= Marianne Trudel =

Canadian musician

Marianne Trudel (born July 28, 1977) is a Canadian pianist, improviser, composer and arranger. She has collaborated with Chucho Valdes, Kenny Wheeler, Mark Feldman, Ingrid Jensen and David Liebman among others; as well as releasing 8 recordings as a leader.Trudel teaches at McGill University (Schulich School of Music) and at Cégep de Saint-Laurent.

As a performer, she pursues an active career in a variety of settings ranging from solo performance to: Trudel-Young, Trifolia, Marianne Trudel 4 + Ingrid Jensen, Trudel-Hollenbeck, and large ensembles.

== Early life ==
Trudel was born in Saint-Michelle-de-Bellechasse, Quebec, Canada. Her parents were interested in Francophone songwriters from Quebec and classical music, which became major influences in her later work. In the mid-'90s she attended the Cégep de St. Laurent college prep program and then went on to obtain a B.A. in Jazz Performance at McGill University in 2001, studying with Jan Jarczyck. She earned her master's degree in ethnomusicology from the University of Montreal in 2006, and two additional degrees in jazz arranging and classical piano.

== Career ==
Trudel attended various workshops in Europe and North America, including the Banff Centre for the Arts, the Vancouver Creative Music Institute and the Henry Mancini Institute in Los Angeles.

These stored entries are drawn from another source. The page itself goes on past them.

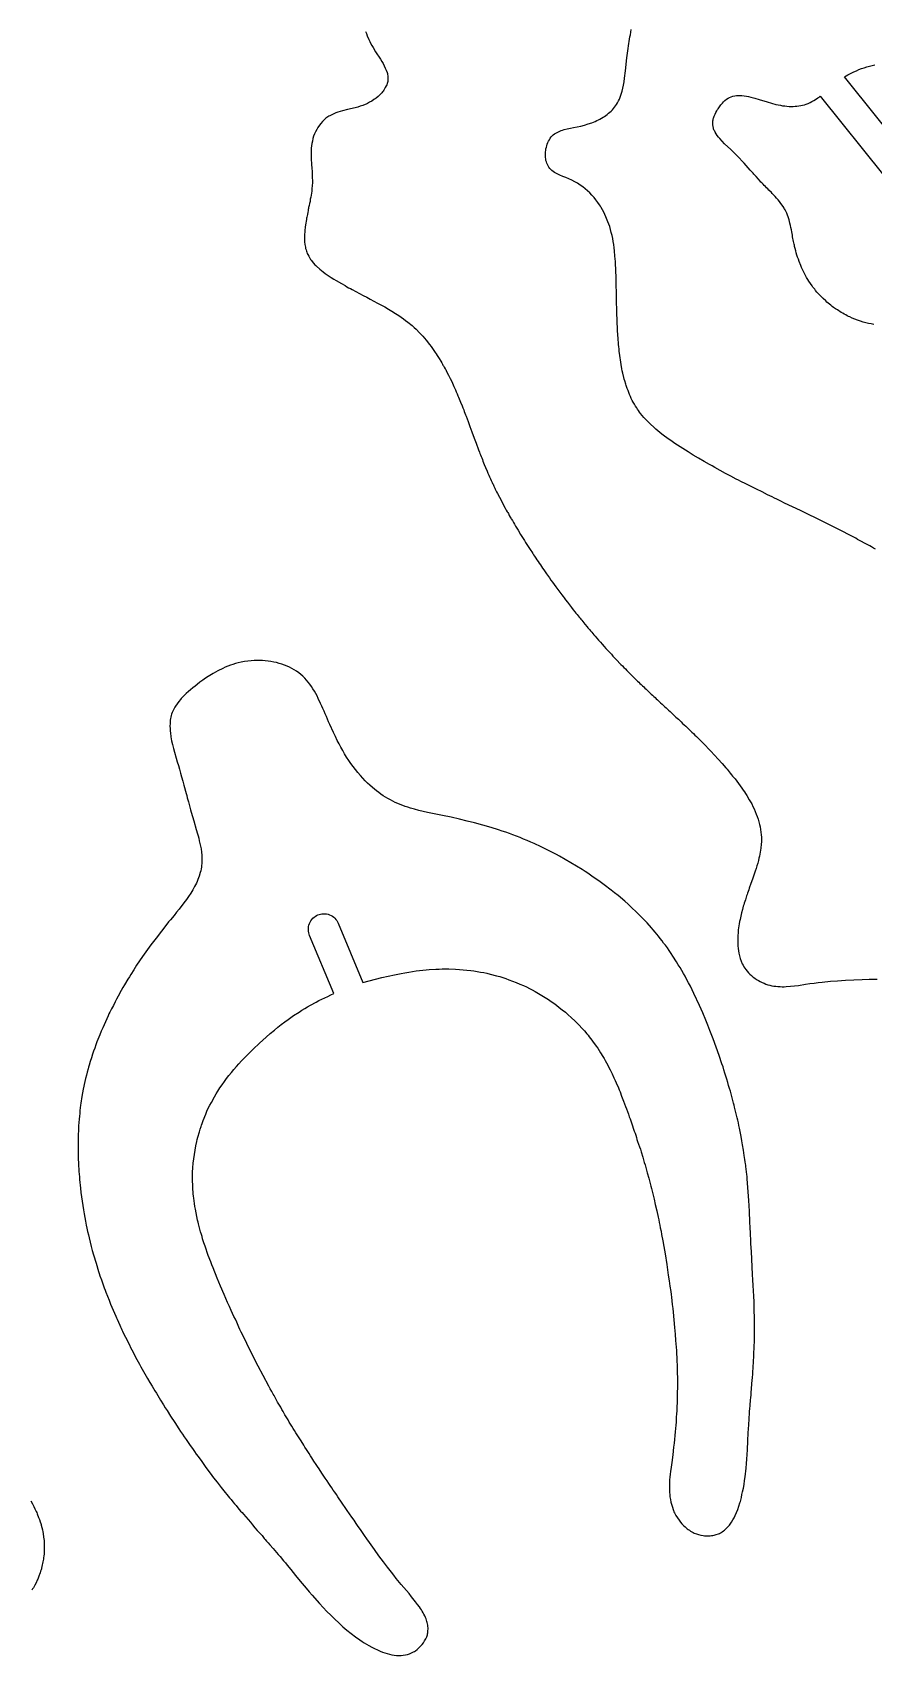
# Model space of a CAD drawing. Extents: x 0 to 1525, y 0 to 1525.
# Drawn here: x 993 to 1259, y 554 to 1067 of the extents above; entities that cross this region are included whole.
import ezdxf

# ---------------------------------------------------------------- set-up
doc = ezdxf.new("R2010")
doc.units = 0
doc.header["$MEASUREMENT"] = 0

msp = doc.modelspace()

# ---------------------------------------------------------------- linework, layer by layer
for points in [[(1259.54, 903.66), (1258.93, 903.98), (1258.33, 904.33), (1257.74, 904.68), (1257.14, 905.01), (1256.14, 905.55), (1255.13, 906.08), (1254.53, 906.4), (1253.93, 906.73), (1253.34, 907.07), (1252.74, 907.39), (1250.99, 908.29), (1249.23, 909.18), (1248.38, 909.61), (1247.53, 910.05), (1245.84, 910.93), (1244.59, 911.55), (1243.33, 912.17), (1240.83, 913.4), (1238.34, 914.61), (1235.84, 915.82), (1233.33, 917.03), (1230.83, 918.23), (1229.59, 918.83), (1228.33, 919.43), (1227.6, 919.78), (1226.88, 920.15), (1226.16, 920.52), (1225.44, 920.88), (1223.68, 921.73), (1221.93, 922.58), (1221.08, 923), (1220.23, 923.43), (1218.54, 924.31), (1217.03, 925.06), (1216.28, 925.43), (1215.54, 925.82), (1213.84, 926.72), (1212.14, 927.61), (1210.44, 928.54), (1208.74, 929.48), (1207.88, 929.95), (1207.03, 930.43), (1205.34, 931.4), (1203.64, 932.39), (1201.95, 933.41), (1200.28, 934.42), (1199.45, 934.93), (1198.62, 935.45), (1196.92, 936.55), (1196.07, 937.11), (1195.24, 937.68), (1193.62, 938.82), (1192.82, 939.41), (1192.04, 940.02), (1190.72, 941.09), (1190.07, 941.63), (1189.44, 942.18), (1188.42, 943.13), (1187.44, 944.1), (1186.87, 944.71), (1186.32, 945.32), (1185.25, 946.58), (1184.93, 947.01), (1184.63, 947.45), (1184.34, 947.9), (1184.03, 948.34), (1183.65, 948.91), (1183.3, 949.49), (1182.97, 950.09), (1182.65, 950.69), (1182.34, 951.3), (1182.05, 951.91), (1181.77, 952.53), (1181.53, 953.17), (1181.29, 953.83), (1181.03, 954.47), (1180.77, 955.13), (1180.66, 955.45), (1180.56, 955.79), (1180.25, 956.87), (1180.1, 957.4), (1179.96, 957.95), (1179.63, 959.31), (1179.47, 960), (1179.33, 960.69), (1179.09, 962.08), (1178.98, 962.78), (1178.89, 963.48), (1178.81, 964.18), (1178.71, 964.88), (1178.52, 966.29), (1178.45, 966.99), (1178.39, 967.69), (1178.33, 968.39), (1178.25, 969.09), (1178.19, 969.79), (1178.15, 970.48), (1178.12, 971.17), (1178.06, 971.86), (1178, 972.41), (1177.96, 972.97), (1177.92, 974.07), (1177.9, 974.76), (1177.86, 975.44), (1177.83, 976.13), (1177.82, 976.82), (1177.8, 977.51), (1177.76, 978.2), (1177.72, 978.89), (1177.72, 979.23), (1177.73, 979.58), (1177.74, 979.93), (1177.74, 980.27), (1177.69, 980.96), (1177.64, 981.65), (1177.62, 982.34), (1177.65, 984.28), (1177.64, 985.25), (1177.62, 985.74), (1177.59, 986.22), (1177.56, 986.71), (1177.54, 987.2), (1177.54, 988.18), (1177.54, 989.16), (1177.53, 989.65), (1177.5, 990.14), (1177.45, 991.27), (1177.42, 992.4), (1177.38, 993.53), (1177.31, 994.66), (1177.16, 996.34), (1177, 998.03), (1176.89, 999), (1176.77, 999.97), (1176.62, 1000.94), (1176.44, 1001.9), (1176.23, 1002.85), (1176.01, 1003.79), (1175.77, 1004.73), (1175.51, 1005.65), (1175.24, 1006.44), (1174.95, 1007.21), (1174.32, 1008.75), (1173.99, 1009.5), (1173.63, 1010.24), (1173.24, 1010.97), (1172.83, 1011.69), (1172.58, 1012.11), (1172.31, 1012.52), (1171.75, 1013.32), (1171.15, 1014.1), (1170.54, 1014.86), (1169.89, 1015.61), (1169.21, 1016.32), (1168.49, 1016.99), (1167.74, 1017.62), (1166.95, 1018.24), (1166.14, 1018.82), (1165.3, 1019.36), (1164.87, 1019.62), (1164.43, 1019.85), (1163.5, 1020.31), (1162.55, 1020.74), (1161.6, 1021.15), (1160.63, 1021.53), (1159.73, 1021.9), (1159.29, 1022.11), (1158.86, 1022.33), (1158.43, 1022.56), (1158.02, 1022.82), (1157.62, 1023.09), (1157.22, 1023.39), (1156.86, 1023.71), (1156.54, 1024.06), (1156.25, 1024.44), (1156, 1024.84), (1155.79, 1025.26), (1155.61, 1025.7), (1155.46, 1026.16), (1155.35, 1026.62), (1155.27, 1027.07), (1155.22, 1027.52), (1155.19, 1027.97), (1155.17, 1028.43), (1155.19, 1028.88), (1155.22, 1029.33), (1155.28, 1029.78), (1155.35, 1030.23), (1155.47, 1030.74), (1155.6, 1031.24), (1155.76, 1031.73), (1155.95, 1032.22), (1156.17, 1032.69), (1156.41, 1033.15), (1156.69, 1033.59), (1157.01, 1034.01), (1157.32, 1034.36), (1157.67, 1034.68), (1158.04, 1034.96), (1158.43, 1035.22), (1158.84, 1035.46), (1159.26, 1035.67), (1159.69, 1035.86), (1160.13, 1036.03), (1160.61, 1036.2), (1161.09, 1036.34), (1162.06, 1036.59), (1163.05, 1036.79), (1164.04, 1036.98), (1165.22, 1037.21), (1166.4, 1037.48), (1167.57, 1037.79), (1168.73, 1038.14), (1169.81, 1038.52), (1170.88, 1038.95), (1171.41, 1039.18), (1171.92, 1039.43), (1172.43, 1039.69), (1172.93, 1039.97), (1173.4, 1040.25), (1173.86, 1040.54), (1174.31, 1040.84), (1174.75, 1041.16), (1175.17, 1041.5), (1175.58, 1041.85), (1175.98, 1042.22), (1176.35, 1042.61), (1176.7, 1043), (1177.03, 1043.41), (1177.34, 1043.84), (1177.63, 1044.28), (1177.98, 1044.85), (1178.3, 1045.43), (1178.59, 1046.02), (1178.83, 1046.64), (1179.13, 1047.56), (1179.4, 1048.48), (1179.64, 1049.42), (1179.84, 1050.36), (1180.04, 1051.5), (1180.2, 1052.65), (1180.47, 1054.95), (1180.93, 1059.02), (1181.21, 1061.29), (1181.53, 1063.55), (1181.65, 1064.25), (1181.79, 1064.94), (1181.92, 1065.64), (1182.03, 1066.33), (1182.24, 1067.97)], [(1098.29, 1067.41), (1098.54, 1066.69), (1098.82, 1065.97), (1099.31, 1064.8), (1099.58, 1064.22), (1099.86, 1063.65), (1100.23, 1062.97), (1100.63, 1062.29), (1101.45, 1060.95), (1102.96, 1058.59), (1103.38, 1057.92), (1103.8, 1057.22), (1104.19, 1056.52), (1104.53, 1055.79), (1104.82, 1055.12), (1105.07, 1054.43), (1105.18, 1054.07), (1105.26, 1053.72), (1105.31, 1053.36), (1105.34, 1052.99), (1105.35, 1052.63), (1105.34, 1052.28), (1105.32, 1051.92), (1105.27, 1051.57), (1105.21, 1051.23), (1105.11, 1050.89), (1104.99, 1050.55), (1104.84, 1050.23), (1104.53, 1049.64), (1104.21, 1049.07), (1104.04, 1048.79), (1103.86, 1048.52), (1103.66, 1048.25), (1103.45, 1048), (1102.87, 1047.4), (1102.26, 1046.83), (1101.62, 1046.3), (1101.28, 1046.06), (1100.94, 1045.82), (1100.26, 1045.39), (1099.57, 1044.98), (1098.86, 1044.61), (1098.5, 1044.44), (1098.13, 1044.28), (1097.37, 1043.99), (1096.6, 1043.72), (1095.82, 1043.48), (1095.04, 1043.27), (1092.53, 1042.65), (1091.03, 1042.28), (1090.28, 1042.08), (1089.54, 1041.86), (1088.86, 1041.63), (1088.21, 1041.36), (1087.56, 1041.06), (1086.93, 1040.73), (1086.61, 1040.55), (1086.3, 1040.35), (1086, 1040.14), (1085.71, 1039.92), (1085.15, 1039.43), (1084.63, 1038.9), (1084.13, 1038.32), (1083.66, 1037.7), (1083.23, 1037.06), (1082.84, 1036.39), (1082.47, 1035.69), (1082.15, 1034.97), (1081.86, 1034.24), (1081.63, 1033.48), (1081.45, 1032.73), (1081.3, 1031.98), (1081.19, 1031.22), (1081.1, 1030.45), (1081.05, 1029.7), (1081.03, 1028.93), (1081.03, 1028.17), (1081.05, 1027.4), (1081.08, 1026.64), (1081.15, 1025.88), (1081.22, 1025.12), (1081.27, 1024.35), (1081.37, 1022.84), (1081.41, 1022.08), (1081.43, 1021.32), (1081.44, 1020.04), (1081.44, 1019.39), (1081.4, 1018.75), (1081.3, 1017.47), (1081.24, 1016.84), (1081.15, 1016.2), (1080.92, 1014.93), (1080.8, 1014.29), (1080.71, 1013.65), (1080.66, 1013.33), (1080.59, 1013), (1080.43, 1012.35), (1080.27, 1011.7), (1080.21, 1011.37), (1080.17, 1011.04), (1080.12, 1010.65), (1080.06, 1010.25), (1079.88, 1009.48), (1079.7, 1008.7), (1079.62, 1008.31), (1079.57, 1007.92), (1079.49, 1007.35), (1079.38, 1006.79), (1079.27, 1006.23), (1079.23, 1005.95), (1079.21, 1005.66), (1079.16, 1005.21), (1079.11, 1004.76), (1079.06, 1004.31), (1079.03, 1003.86), (1079, 1003.31), (1078.95, 1002.76), (1078.92, 1002.21), (1078.92, 1001.94), (1078.93, 1001.66), (1079.01, 1000.82), (1079.1, 999.98), (1079.16, 999.57), (1079.23, 999.15), (1079.32, 998.74), (1079.44, 998.33), (1079.56, 997.94), (1079.7, 997.55), (1079.85, 997.17), (1080.04, 996.8), (1080.28, 996.36), (1080.52, 995.91), (1080.77, 995.46), (1080.91, 995.25), (1081.06, 995.05), (1081.86, 994.05), (1082.28, 993.57), (1082.51, 993.34), (1082.74, 993.12), (1083.77, 992.22), (1084.29, 991.78), (1084.82, 991.36), (1085.46, 990.88), (1086.11, 990.42), (1086.77, 989.98), (1087.44, 989.54), (1088.22, 989.05), (1089.02, 988.58), (1090.63, 987.66), (1091.78, 986.99), (1092.35, 986.66), (1092.93, 986.35), (1093.51, 986.04), (1094.08, 985.73), (1095.23, 985.1), (1097.53, 983.9), (1098.63, 983.31), (1099.74, 982.72), (1102.04, 981.5), (1104.34, 980.24), (1105.49, 979.58), (1106.63, 978.9), (1107.74, 978.21), (1108.83, 977.5), (1109.55, 977.02), (1110.26, 976.52), (1110.95, 976), (1111.63, 975.46), (1112.97, 974.36), (1113.61, 973.79), (1114.24, 973.2), (1115.29, 972.11), (1116.34, 971.02), (1116.92, 970.38), (1117.47, 969.71), (1118.54, 968.34), (1119, 967.73), (1119.45, 967.11), (1120.32, 965.85), (1120.63, 965.4), (1120.93, 964.94), (1121.51, 964), (1122.1, 963.08), (1122.38, 962.62), (1122.63, 962.13), (1122.76, 961.88), (1122.89, 961.64), (1123.19, 961.17), (1123.48, 960.7), (1123.62, 960.45), (1123.74, 960.2), (1124.13, 959.41), (1124.54, 958.63), (1125.03, 957.63), (1125.54, 956.64), (1125.78, 956.14), (1125.99, 955.63), (1126.19, 955.12), (1126.43, 954.62), (1126.72, 954.02), (1126.98, 953.4), (1127.23, 952.79), (1127.5, 952.18), (1127.72, 951.67), (1127.92, 951.17), (1128.33, 950.15), (1128.84, 948.93), (1129.08, 948.31), (1129.31, 947.69), (1129.51, 947.18), (1129.72, 946.68), (1129.93, 946.17), (1130.12, 945.66), (1130.71, 944.02), (1131.31, 942.39), (1131.91, 940.76), (1132.66, 938.74), (1133.26, 937.12), (1134.01, 935.08), (1134.31, 934.28), (1134.46, 933.87), (1134.63, 933.48), (1134.85, 932.98), (1135.04, 932.48), (1135.22, 931.97), (1135.41, 931.46), (1135.82, 930.46), (1136.24, 929.47), (1136.73, 928.28), (1136.98, 927.68), (1137.25, 927.1), (1137.51, 926.5), (1137.77, 925.91), (1138.04, 925.31), (1138.33, 924.73), (1138.48, 924.44), (1138.62, 924.15), (1138.88, 923.56), (1139.13, 922.97), (1139.27, 922.67), (1139.43, 922.39), (1139.74, 921.81), (1140.04, 921.23), (1140.63, 920.07), (1141.23, 918.92), (1141.84, 917.76), (1142.44, 916.59), (1142.76, 916.01), (1143.11, 915.46), (1143.29, 915.19), (1143.44, 914.91), (1143.74, 914.34), (1144.03, 913.76), (1144.18, 913.49), (1144.36, 913.22), (1144.71, 912.66), (1145.04, 912.08), (1145.36, 911.5), (1145.7, 910.93), (1146.5, 909.63), (1147.3, 908.32), (1148.1, 907.03), (1148.5, 906.38), (1148.91, 905.74), (1149.32, 905.11), (1149.72, 904.47), (1150.13, 903.83), (1150.55, 903.2), (1150.86, 902.75), (1151.15, 902.29), (1151.44, 901.83), (1151.75, 901.38), (1152.12, 900.84), (1152.48, 900.29), (1152.84, 899.74), (1153.22, 899.2), (1153.59, 898.67), (1153.94, 898.14), (1154.28, 897.6), (1154.64, 897.07), (1155.54, 895.82), (1156.41, 894.56), (1156.92, 893.85), (1157.43, 893.16), (1157.95, 892.47), (1158.45, 891.76), (1158.76, 891.32), (1159.1, 890.89), (1159.43, 890.45), (1159.75, 890.01), (1160.06, 889.57), (1160.4, 889.15), (1160.73, 888.72), (1161.05, 888.28), (1161.31, 887.92), (1161.57, 887.57), (1162.12, 886.88), (1163.43, 885.18), (1163.98, 884.5), (1164.51, 883.8), (1164.84, 883.38), (1165.18, 882.98), (1165.53, 882.57), (1165.86, 882.15), (1166.12, 881.8), (1166.41, 881.47), (1166.69, 881.14), (1166.96, 880.8), (1167.3, 880.38), (1167.65, 879.96), (1168.34, 879.13), (1168.62, 878.8), (1168.91, 878.47), (1169.19, 878.15), (1169.46, 877.81), (1169.8, 877.39), (1170.15, 876.98), (1170.51, 876.58), (1170.86, 876.16), (1171.42, 875.5), (1172, 874.85), (1172.58, 874.21), (1173.15, 873.55), (1173.72, 872.89), (1174.32, 872.24), (1175.54, 870.97), (1176.04, 870.41), (1176.53, 869.85), (1177.02, 869.29), (1177.53, 868.74), (1179.03, 867.17), (1179.5, 866.7), (1179.99, 866.24), (1180.47, 865.78), (1180.94, 865.31), (1181.46, 864.76), (1181.98, 864.23), (1182.51, 863.69), (1183.03, 863.15), (1183.34, 862.83), (1183.67, 862.53), (1184.01, 862.24), (1184.34, 861.94), (1184.71, 861.57), (1185.08, 861.18), (1185.45, 860.8), (1185.85, 860.45), (1186.26, 860.09), (1186.66, 859.71), (1187.04, 859.32), (1187.44, 858.93), (1188.24, 858.2), (1188.65, 857.83), (1189.04, 857.45), (1189.44, 857.07), (1189.84, 856.71), (1190.25, 856.34), (1190.64, 855.96), (1191.1, 855.5), (1191.59, 855.07), (1192.07, 854.64), (1192.54, 854.19), (1192.94, 853.81), (1193.34, 853.45), (1193.75, 853.09), (1194.15, 852.71), (1194.62, 852.27), (1195.1, 851.83), (1195.58, 851.39), (1196.04, 850.94), (1196.43, 850.56), (1196.85, 850.21), (1197.26, 849.85), (1197.45, 849.66), (1197.64, 849.45), (1197.86, 849.21), (1198.09, 848.98), (1198.58, 848.55), (1199.07, 848.12), (1199.54, 847.68), (1200.29, 846.93), (1201.03, 846.18), (1201.5, 845.73), (1201.99, 845.29), (1202.47, 844.85), (1202.94, 844.39), (1203.99, 843.32), (1205.03, 842.26), (1207.44, 839.77), (1208.64, 838.49), (1209.83, 837.2), (1211.04, 835.86), (1212.24, 834.52), (1212.61, 834.09), (1212.96, 833.66), (1213.64, 832.77), (1214.01, 832.32), (1214.39, 831.88), (1214.77, 831.43), (1215.14, 830.98), (1216.26, 829.53), (1216.8, 828.79), (1217.32, 828.03), (1217.7, 827.47), (1218.1, 826.92), (1218.49, 826.35), (1218.84, 825.77), (1219.64, 824.41), (1220.04, 823.73), (1220.42, 823.05), (1220.82, 822.27), (1221.18, 821.48), (1221.53, 820.67), (1221.85, 819.87), (1222.16, 819.07), (1222.44, 818.26), (1222.7, 817.44), (1222.93, 816.61), (1223.11, 815.79), (1223.25, 814.96), (1223.35, 814.12), (1223.44, 813.28), (1223.51, 812.55), (1223.53, 811.81), (1223.51, 811.07), (1223.44, 810.33), (1223.32, 809.05), (1223.24, 808.42), (1223.13, 807.78), (1222.99, 807.14), (1222.84, 806.5), (1222.68, 805.86), (1222.54, 805.22), (1222.44, 804.79), (1222.33, 804.36), (1222.07, 803.51), (1221.8, 802.67), (1221.54, 801.82), (1221.34, 801.18), (1221.11, 800.56), (1220.88, 799.93), (1220.66, 799.3), (1220.18, 797.85), (1219.65, 796.42), (1219.47, 795.91), (1219.3, 795.39), (1219.14, 794.88), (1218.96, 794.37), (1218.8, 793.97), (1218.67, 793.57), (1218.41, 792.75), (1218.07, 791.72), (1217.9, 791.2), (1217.74, 790.68), (1217.61, 790.16), (1217.48, 789.64), (1217.24, 788.6), (1216.98, 787.54), (1216.73, 786.48), (1216.58, 785.84), (1216.46, 785.19), (1216.27, 783.89), (1216.18, 783.22), (1216.12, 782.55), (1216.04, 781.21), (1216.03, 780.65), (1216.03, 780.08), (1216.04, 779.52), (1216.03, 778.95), (1216.03, 778.56), (1216.05, 778.17), (1216.13, 777.39), (1216.24, 776.61), (1216.37, 775.84), (1216.45, 775.41), (1216.55, 774.99), (1216.67, 774.57), (1216.81, 774.15), (1217.11, 773.33), (1217.44, 772.52), (1217.67, 772.04), (1217.94, 771.57), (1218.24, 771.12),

She is a twice-nominated Juno Awards artist, for the years 2014 and 2015. "Le Refuge", with Trifolia, was nominated for Contemporary Album Of The Year, and "La Vie Commence Ici" was nominated for Jazz Album Of The Year: Solo.

With her quintet she was the recipient of the Stingray Rising Stars Award for the best composition at the Montreal International Jazz Festival, in 2007.

== Discography ==

=== As a leader or co-leader ===

- Time Poem: La joie de l'éphémère (2022): Marianne Trudel, John Hollenbeck, Rémi-Jean Leblanc,
- Portraits: Songs of Joni Mitchell (2018): Marianne Trudel & Karen Young
- La vie commence ici — Marianne Trudel featuring Ingrid Jensen (Justin Time Records 2014) — Nomination at Juno Awards, Nomination ADISQ 2015
- Le Refuge, Trifolia (2013) — Prix Opus 2013 & Nomination at Juno Awards
- Espoir et autres pouvoirs, Marianne Trudel Septet (Effendi Records 2011) — Nomination at ADISQ 2011 & Finalist at Opus 2010-11
- L’embarquée, Duo Trudel-Bourbonnais (2009)
- Sands of Time (Live), Quintette Marianne Trudel (2007)
- Espaces libres (2005), solo piano

== Publications ==
Her composition "La Vie Commence Ici" is featured on Terri Lyne Carrington's: New Standards - 101 Lead Sheets by Women Composers.